## WHAT IS EXPECTED
Your copy should match the entries below exactly, apart from the images.
*** Opening of SOURCE MATERIAL ***
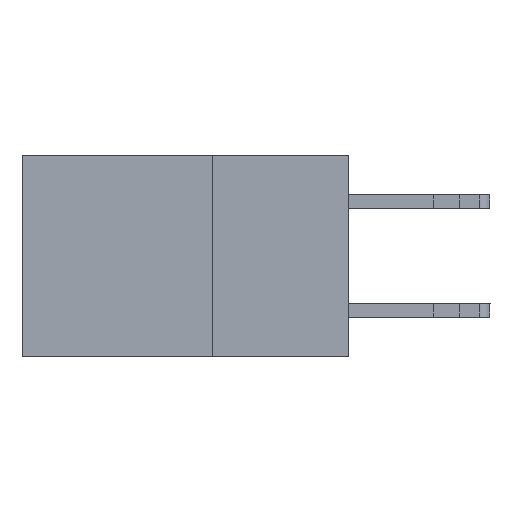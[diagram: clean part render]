
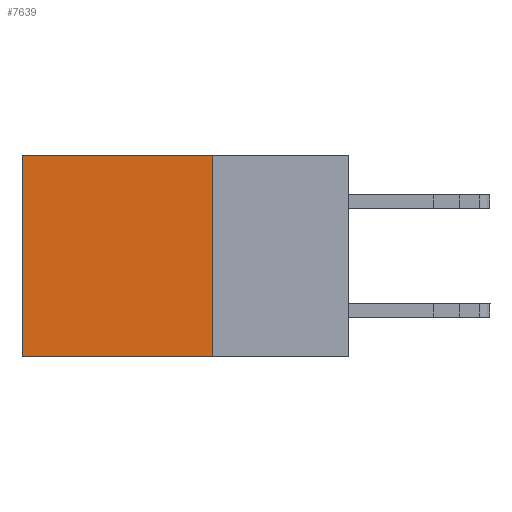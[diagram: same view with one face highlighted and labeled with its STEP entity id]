
A CAD part, left-side view. The second image highlights one B-rep face of the part: STEP entity #7639.
In plain terms, the highlighted planar face has unit normal (-1, 0, 0).
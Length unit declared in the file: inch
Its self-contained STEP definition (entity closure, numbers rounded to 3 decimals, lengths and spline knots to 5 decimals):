
#403 = PLANE ( 'NONE',  #6958 ) ;
#505 = FACE_OUTER_BOUND ( 'NONE', #1604, .T. ) ;
#721 = DIRECTION ( 'NONE',  ( 0., 0., -1. ) ) ;
#1293 = CARTESIAN_POINT ( 'NONE',  ( 0.2615, 0.6, -0.37 ) ) ;
#1357 = VERTEX_POINT ( 'NONE', #2385 ) ;
#1604 = EDGE_LOOP ( 'NONE', ( #3268, #3324, #9853, #10819 ) ) ;
#1617 = DIRECTION ( 'NONE',  ( 0., 0., -1. ) ) ;
#1746 = LINE ( 'NONE', #3239, #7363 ) ;
#1840 = EDGE_CURVE ( 'NONE', #10815, #1357, #10677, .T. ) ;
#1930 = DIRECTION ( 'NONE',  ( 0., 1., 0. ) ) ;
#2141 = VECTOR ( 'NONE', #721, 39.37008 ) ;
#2385 = CARTESIAN_POINT ( 'NONE',  ( 0.2615, 0.6, 0. ) ) ;
#2489 = CARTESIAN_POINT ( 'NONE',  ( 0.2615, 0.25, 0. ) ) ;
#3239 = CARTESIAN_POINT ( 'NONE',  ( 0.2615, 0.25, -0.37 ) ) ;
#3268 = ORIENTED_EDGE ( 'NONE', *, *, #10355, .T. ) ;
#3324 = ORIENTED_EDGE ( 'NONE', *, *, #10509, .F. ) ;
#3598 = VECTOR ( 'NONE', #6301, 39.37008 ) ;
#4865 = CARTESIAN_POINT ( 'NONE',  ( 0.2615, 0.25, 0. ) ) ;
#4977 = VERTEX_POINT ( 'NONE', #1293 ) ;
#4992 = VECTOR ( 'NONE', #1930, 39.37008 ) ;
#6301 = DIRECTION ( 'NONE',  ( 0., 0., -1. ) ) ;
#6958 = AXIS2_PLACEMENT_3D ( 'NONE', #9270, #8267, #1617 ) ;
#7363 = VECTOR ( 'NONE', #9702, 39.37008 ) ;
#7639 = ADVANCED_FACE ( 'NONE', ( #505 ), #403, .F. ) ;
#8267 = DIRECTION ( 'NONE',  ( 1., 0., 0. ) ) ;
#8374 = VERTEX_POINT ( 'NONE', #9391 ) ;
#8514 = CARTESIAN_POINT ( 'NONE',  ( 0.2615, 0.25, -0.37 ) ) ;
#9121 = EDGE_CURVE ( 'NONE', #10815, #8374, #10552, .T. ) ;
#9270 = CARTESIAN_POINT ( 'NONE',  ( 0.2615, 0.25, -0.37 ) ) ;
#9391 = CARTESIAN_POINT ( 'NONE',  ( 0.2615, 0.25, -0.37 ) ) ;
#9472 = CARTESIAN_POINT ( 'NONE',  ( 0.2615, 0.6, -0.37 ) ) ;
#9702 = DIRECTION ( 'NONE',  ( 0., 1., 0. ) ) ;
#9853 = ORIENTED_EDGE ( 'NONE', *, *, #9121, .F. ) ;
#10355 = EDGE_CURVE ( 'NONE', #1357, #4977, #11837, .T. ) ;
#10509 = EDGE_CURVE ( 'NONE', #8374, #4977, #1746, .T. ) ;
#10552 = LINE ( 'NONE', #8514, #2141 ) ;
#10677 = LINE ( 'NONE', #2489, #4992 ) ;
#10815 = VERTEX_POINT ( 'NONE', #4865 ) ;
#10819 = ORIENTED_EDGE ( 'NONE', *, *, #1840, .T. ) ;
#11837 = LINE ( 'NONE', #9472, #3598 ) ;
*** Close of SOURCE MATERIAL ***
## RESPONSE TO THIS EXERCISE
[diagram: clean part render]
[diagram: same view with one face highlighted and labeled with its STEP entity id]
A CAD part, left-side view. The second image highlights one B-rep face of the part: STEP entity #7639.
In plain terms, the highlighted planar face has unit normal (-1, 0, 0).
Length unit declared in the file: inch
Its self-contained STEP definition (entity closure, numbers rounded to 3 decimals, lengths and spline knots to 5 decimals):
#403 = PLANE ( 'NONE',  #6958 ) ;
#505 = FACE_OUTER_BOUND ( 'NONE', #1604, .T. ) ;
#721 = DIRECTION ( 'NONE',  ( 0., 0., -1. ) ) ;
#1293 = CARTESIAN_POINT ( 'NONE',  ( 0.2615, 0.6, -0.37 ) ) ;
#1357 = VERTEX_POINT ( 'NONE', #2385 ) ;
#1604 = EDGE_LOOP ( 'NONE', ( #3268, #3324, #9853, #10819 ) ) ;
#1617 = DIRECTION ( 'NONE',  ( 0., 0., -1. ) ) ;
#1746 = LINE ( 'NONE', #3239, #7363 ) ;
#1840 = EDGE_CURVE ( 'NONE', #10815, #1357, #10677, .T. ) ;
#1930 = DIRECTION ( 'NONE',  ( 0., 1., 0. ) ) ;
#2141 = VECTOR ( 'NONE', #721, 39.37008 ) ;
#2385 = CARTESIAN_POINT ( 'NONE',  ( 0.2615, 0.6, 0. ) ) ;
#2489 = CARTESIAN_POINT ( 'NONE',  ( 0.2615, 0.25, 0. ) ) ;
#3239 = CARTESIAN_POINT ( 'NONE',  ( 0.2615, 0.25, -0.37 ) ) ;
#3268 = ORIENTED_EDGE ( 'NONE', *, *, #10355, .T. ) ;
#3324 = ORIENTED_EDGE ( 'NONE', *, *, #10509, .F. ) ;
#3598 = VECTOR ( 'NONE', #6301, 39.37008 ) ;
#4865 = CARTESIAN_POINT ( 'NONE',  ( 0.2615, 0.25, 0. ) ) ;
#4977 = VERTEX_POINT ( 'NONE', #1293 ) ;
#4992 = VECTOR ( 'NONE', #1930, 39.37008 ) ;
#6301 = DIRECTION ( 'NONE',  ( 0., 0., -1. ) ) ;
#6958 = AXIS2_PLACEMENT_3D ( 'NONE', #9270, #8267, #1617 ) ;
#7363 = VECTOR ( 'NONE', #9702, 39.37008 ) ;
#7639 = ADVANCED_FACE ( 'NONE', ( #505 ), #403, .F. ) ;
#8267 = DIRECTION ( 'NONE',  ( 1., 0., 0. ) ) ;
#8374 = VERTEX_POINT ( 'NONE', #9391 ) ;
#8514 = CARTESIAN_POINT ( 'NONE',  ( 0.2615, 0.25, -0.37 ) ) ;
#9121 = EDGE_CURVE ( 'NONE', #10815, #8374, #10552, .T. ) ;
#9270 = CARTESIAN_POINT ( 'NONE',  ( 0.2615, 0.25, -0.37 ) ) ;
#9391 = CARTESIAN_POINT ( 'NONE',  ( 0.2615, 0.25, -0.37 ) ) ;
#9472 = CARTESIAN_POINT ( 'NONE',  ( 0.2615, 0.6, -0.37 ) ) ;
#9702 = DIRECTION ( 'NONE',  ( 0., 1., 0. ) ) ;
#9853 = ORIENTED_EDGE ( 'NONE', *, *, #9121, .F. ) ;
#10355 = EDGE_CURVE ( 'NONE', #1357, #4977, #11837, .T. ) ;
#10509 = EDGE_CURVE ( 'NONE', #8374, #4977, #1746, .T. ) ;
#10552 = LINE ( 'NONE', #8514, #2141 ) ;
#10677 = LINE ( 'NONE', #2489, #4992 ) ;
#10815 = VERTEX_POINT ( 'NONE', #4865 ) ;
#10819 = ORIENTED_EDGE ( 'NONE', *, *, #1840, .T. ) ;
#11837 = LINE ( 'NONE', #9472, #3598 ) ;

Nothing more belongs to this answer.